═════ MATERIAL SUPPLIED ═════
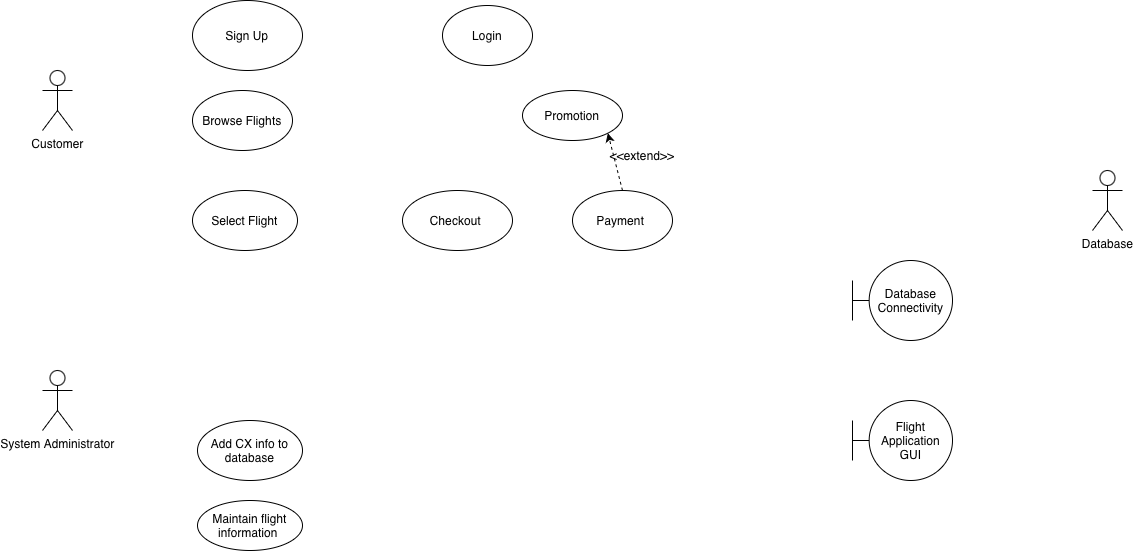

The diagram above was exported from draw.io. Its source (the exported page's mxGraphModel, read from the mxfile embedded in the PNG):
<mxGraphModel dx="959" dy="695" grid="1" gridSize="10" guides="1" tooltips="1" connect="1" arrows="1" fold="1" page="1" pageScale="1" pageWidth="850" pageHeight="1100" math="0" shadow="0">
  <root>
    <mxCell id="0" />
    <mxCell id="1" parent="0" />
    <mxCell id="C8FdAbCTqZKIosvaZFdM-1" parent="1" style="shape=umlActor;verticalLabelPosition=bottom;verticalAlign=top;html=1;outlineConnect=0;" value="Customer" vertex="1">
      <mxGeometry height="60" width="30" x="140" y="90" as="geometry" />
    </mxCell>
    <mxCell id="IXsxAXJ8pVljNu5-wVd4-3" parent="1" style="shape=umlActor;verticalLabelPosition=bottom;verticalAlign=top;html=1;outlineConnect=0;" value="Database" vertex="1">
      <mxGeometry height="60" width="30" x="1190" y="190" as="geometry" />
    </mxCell>
    <mxCell id="shK7UFHqHVzzq25bRnwu-3" parent="1" style="ellipse;whiteSpace=wrap;html=1;" value="Login" vertex="1">
      <mxGeometry height="60" width="90" x="540" y="25" as="geometry" />
    </mxCell>
    <mxCell id="Z6kBsS720eqBtRg0l87H-1" parent="1" style="shape=umlActor;verticalLabelPosition=bottom;verticalAlign=top;html=1;outlineConnect=0;" value="System Administrator" vertex="1">
      <mxGeometry height="60" width="30" x="140" y="390" as="geometry" />
    </mxCell>
    <mxCell id="shK7UFHqHVzzq25bRnwu-6" parent="1" style="ellipse;whiteSpace=wrap;html=1;" value="Checkout&amp;nbsp;" vertex="1">
      <mxGeometry height="60" width="110" x="500" y="210" as="geometry" />
    </mxCell>
    <mxCell id="shK7UFHqHVzzq25bRnwu-7" parent="1" style="ellipse;whiteSpace=wrap;html=1;" value="Add CX info to database" vertex="1">
      <mxGeometry height="60" width="105" x="295" y="440" as="geometry" />
    </mxCell>
    <mxCell id="shK7UFHqHVzzq25bRnwu-4" parent="1" style="ellipse;whiteSpace=wrap;html=1;" value="Browse Flights" vertex="1">
      <mxGeometry height="60" width="100" x="290" y="110" as="geometry" />
    </mxCell>
    <mxCell id="shK7UFHqHVzzq25bRnwu-5" parent="1" style="ellipse;whiteSpace=wrap;html=1;" value="Select Flight" vertex="1">
      <mxGeometry height="60" width="105" x="290" y="210" as="geometry" />
    </mxCell>
    <mxCell id="JRVhrKzXAgWxWM-f5OBa-1" parent="1" style="ellipse;whiteSpace=wrap;html=1;" value="Sign Up" vertex="1">
      <mxGeometry height="70" width="110" x="290" y="20" as="geometry" />
    </mxCell>
    <mxCell id="shK7UFHqHVzzq25bRnwu-8" parent="1" style="ellipse;whiteSpace=wrap;html=1;" value="Maintain flight information&amp;nbsp;" vertex="1">
      <mxGeometry height="50" width="105" x="295" y="520" as="geometry" />
    </mxCell>
    <mxCell id="D-l-bq-qBtTemc0_dEPW-1" parent="1" style="shape=umlBoundary;whiteSpace=wrap;html=1;" value="Database Connectivity" vertex="1">
      <mxGeometry height="80" width="100" x="950" y="280" as="geometry" />
    </mxCell>
    <mxCell id="Ov-NPVXJVBSheloR-RkA-1" parent="1" style="ellipse;whiteSpace=wrap;html=1;" value="Payment&amp;nbsp;" vertex="1">
      <mxGeometry height="60" width="100" x="670" y="210" as="geometry" />
    </mxCell>
    <mxCell id="D-l-bq-qBtTemc0_dEPW-2" parent="1" style="shape=umlBoundary;whiteSpace=wrap;html=1;" value="Flight Application GUI" vertex="1">
      <mxGeometry height="80" width="100" x="950" y="420" as="geometry" />
    </mxCell>
    <mxCell id="Ov-NPVXJVBSheloR-RkA-4" parent="1" style="ellipse;whiteSpace=wrap;html=1;" value="Promotion" vertex="1">
      <mxGeometry height="50" width="100" x="620" y="110" as="geometry" />
    </mxCell>
    <mxCell id="Ov-NPVXJVBSheloR-RkA-6" edge="1" parent="1" source="Ov-NPVXJVBSheloR-RkA-1" style="endArrow=classic;html=1;rounded=0;entryX=1;entryY=1;entryDx=0;entryDy=0;dashed=1;exitX=0.5;exitY=0;exitDx=0;exitDy=0;" target="Ov-NPVXJVBSheloR-RkA-4" value="">
      <mxGeometry height="50" relative="1" width="50" as="geometry">
        <mxPoint x="680" y="160" as="sourcePoint" />
        <mxPoint x="730" y="110" as="targetPoint" />
      </mxGeometry>
    </mxCell>
    <mxCell id="Ov-NPVXJVBSheloR-RkA-7" parent="1" style="text;html=1;whiteSpace=wrap;strokeColor=none;fillColor=none;align=center;verticalAlign=middle;rounded=0;" value="&amp;lt;&amp;lt;extend&amp;gt;&amp;gt;" vertex="1">
      <mxGeometry height="30" width="60" x="710" y="160" as="geometry" />
    </mxCell>
  </root>
</mxGraphModel>
═════
TASK ITEM: Copy the records exactly. Skip the images.

EXERCISE RESULT:
The diagram above was exported from draw.io. Its source (the exported page's mxGraphModel, read from the mxfile embedded in the PNG):
<mxGraphModel dx="959" dy="695" grid="1" gridSize="10" guides="1" tooltips="1" connect="1" arrows="1" fold="1" page="1" pageScale="1" pageWidth="850" pageHeight="1100" math="0" shadow="0">
  <root>
    <mxCell id="0" />
    <mxCell id="1" parent="0" />
    <mxCell id="C8FdAbCTqZKIosvaZFdM-1" parent="1" style="shape=umlActor;verticalLabelPosition=bottom;verticalAlign=top;html=1;outlineConnect=0;" value="Customer" vertex="1">
      <mxGeometry height="60" width="30" x="140" y="90" as="geometry" />
    </mxCell>
    <mxCell id="IXsxAXJ8pVljNu5-wVd4-3" parent="1" style="shape=umlActor;verticalLabelPosition=bottom;verticalAlign=top;html=1;outlineConnect=0;" value="Database" vertex="1">
      <mxGeometry height="60" width="30" x="1190" y="190" as="geometry" />
    </mxCell>
    <mxCell id="shK7UFHqHVzzq25bRnwu-3" parent="1" style="ellipse;whiteSpace=wrap;html=1;" value="Login" vertex="1">
      <mxGeometry height="60" width="90" x="540" y="25" as="geometry" />
    </mxCell>
    <mxCell id="Z6kBsS720eqBtRg0l87H-1" parent="1" style="shape=umlActor;verticalLabelPosition=bottom;verticalAlign=top;html=1;outlineConnect=0;" value="System Administrator" vertex="1">
      <mxGeometry height="60" width="30" x="140" y="390" as="geometry" />
    </mxCell>
    <mxCell id="shK7UFHqHVzzq25bRnwu-6" parent="1" style="ellipse;whiteSpace=wrap;html=1;" value="Checkout&amp;nbsp;" vertex="1">
      <mxGeometry height="60" width="110" x="500" y="210" as="geometry" />
    </mxCell>
    <mxCell id="shK7UFHqHVzzq25bRnwu-7" parent="1" style="ellipse;whiteSpace=wrap;html=1;" value="Add CX info to database" vertex="1">
      <mxGeometry height="60" width="105" x="295" y="440" as="geometry" />
    </mxCell>
    <mxCell id="shK7UFHqHVzzq25bRnwu-4" parent="1" style="ellipse;whiteSpace=wrap;html=1;" value="Browse Flights" vertex="1">
      <mxGeometry height="60" width="100" x="290" y="110" as="geometry" />
    </mxCell>
    <mxCell id="shK7UFHqHVzzq25bRnwu-5" parent="1" style="ellipse;whiteSpace=wrap;html=1;" value="Select Flight" vertex="1">
      <mxGeometry height="60" width="105" x="290" y="210" as="geometry" />
    </mxCell>
    <mxCell id="JRVhrKzXAgWxWM-f5OBa-1" parent="1" style="ellipse;whiteSpace=wrap;html=1;" value="Sign Up" vertex="1">
      <mxGeometry height="70" width="110" x="290" y="20" as="geometry" />
    </mxCell>
    <mxCell id="shK7UFHqHVzzq25bRnwu-8" parent="1" style="ellipse;whiteSpace=wrap;html=1;" value="Maintain flight information&amp;nbsp;" vertex="1">
      <mxGeometry height="50" width="105" x="295" y="520" as="geometry" />
    </mxCell>
    <mxCell id="D-l-bq-qBtTemc0_dEPW-1" parent="1" style="shape=umlBoundary;whiteSpace=wrap;html=1;" value="Database Connectivity" vertex="1">
      <mxGeometry height="80" width="100" x="950" y="280" as="geometry" />
    </mxCell>
    <mxCell id="Ov-NPVXJVBSheloR-RkA-1" parent="1" style="ellipse;whiteSpace=wrap;html=1;" value="Payment&amp;nbsp;" vertex="1">
      <mxGeometry height="60" width="100" x="670" y="210" as="geometry" />
    </mxCell>
    <mxCell id="D-l-bq-qBtTemc0_dEPW-2" parent="1" style="shape=umlBoundary;whiteSpace=wrap;html=1;" value="Flight Application GUI" vertex="1">
      <mxGeometry height="80" width="100" x="950" y="420" as="geometry" />
    </mxCell>
    <mxCell id="Ov-NPVXJVBSheloR-RkA-4" parent="1" style="ellipse;whiteSpace=wrap;html=1;" value="Promotion" vertex="1">
      <mxGeometry height="50" width="100" x="620" y="110" as="geometry" />
    </mxCell>
    <mxCell id="Ov-NPVXJVBSheloR-RkA-6" edge="1" parent="1" source="Ov-NPVXJVBSheloR-RkA-1" style="endArrow=classic;html=1;rounded=0;entryX=1;entryY=1;entryDx=0;entryDy=0;dashed=1;exitX=0.5;exitY=0;exitDx=0;exitDy=0;" target="Ov-NPVXJVBSheloR-RkA-4" value="">
      <mxGeometry height="50" relative="1" width="50" as="geometry">
        <mxPoint x="680" y="160" as="sourcePoint" />
        <mxPoint x="730" y="110" as="targetPoint" />
      </mxGeometry>
    </mxCell>
    <mxCell id="Ov-NPVXJVBSheloR-RkA-7" parent="1" style="text;html=1;whiteSpace=wrap;strokeColor=none;fillColor=none;align=center;verticalAlign=middle;rounded=0;" value="&amp;lt;&amp;lt;extend&amp;gt;&amp;gt;" vertex="1">
      <mxGeometry height="30" width="60" x="710" y="160" as="geometry" />
    </mxCell>
  </root>
</mxGraphModel>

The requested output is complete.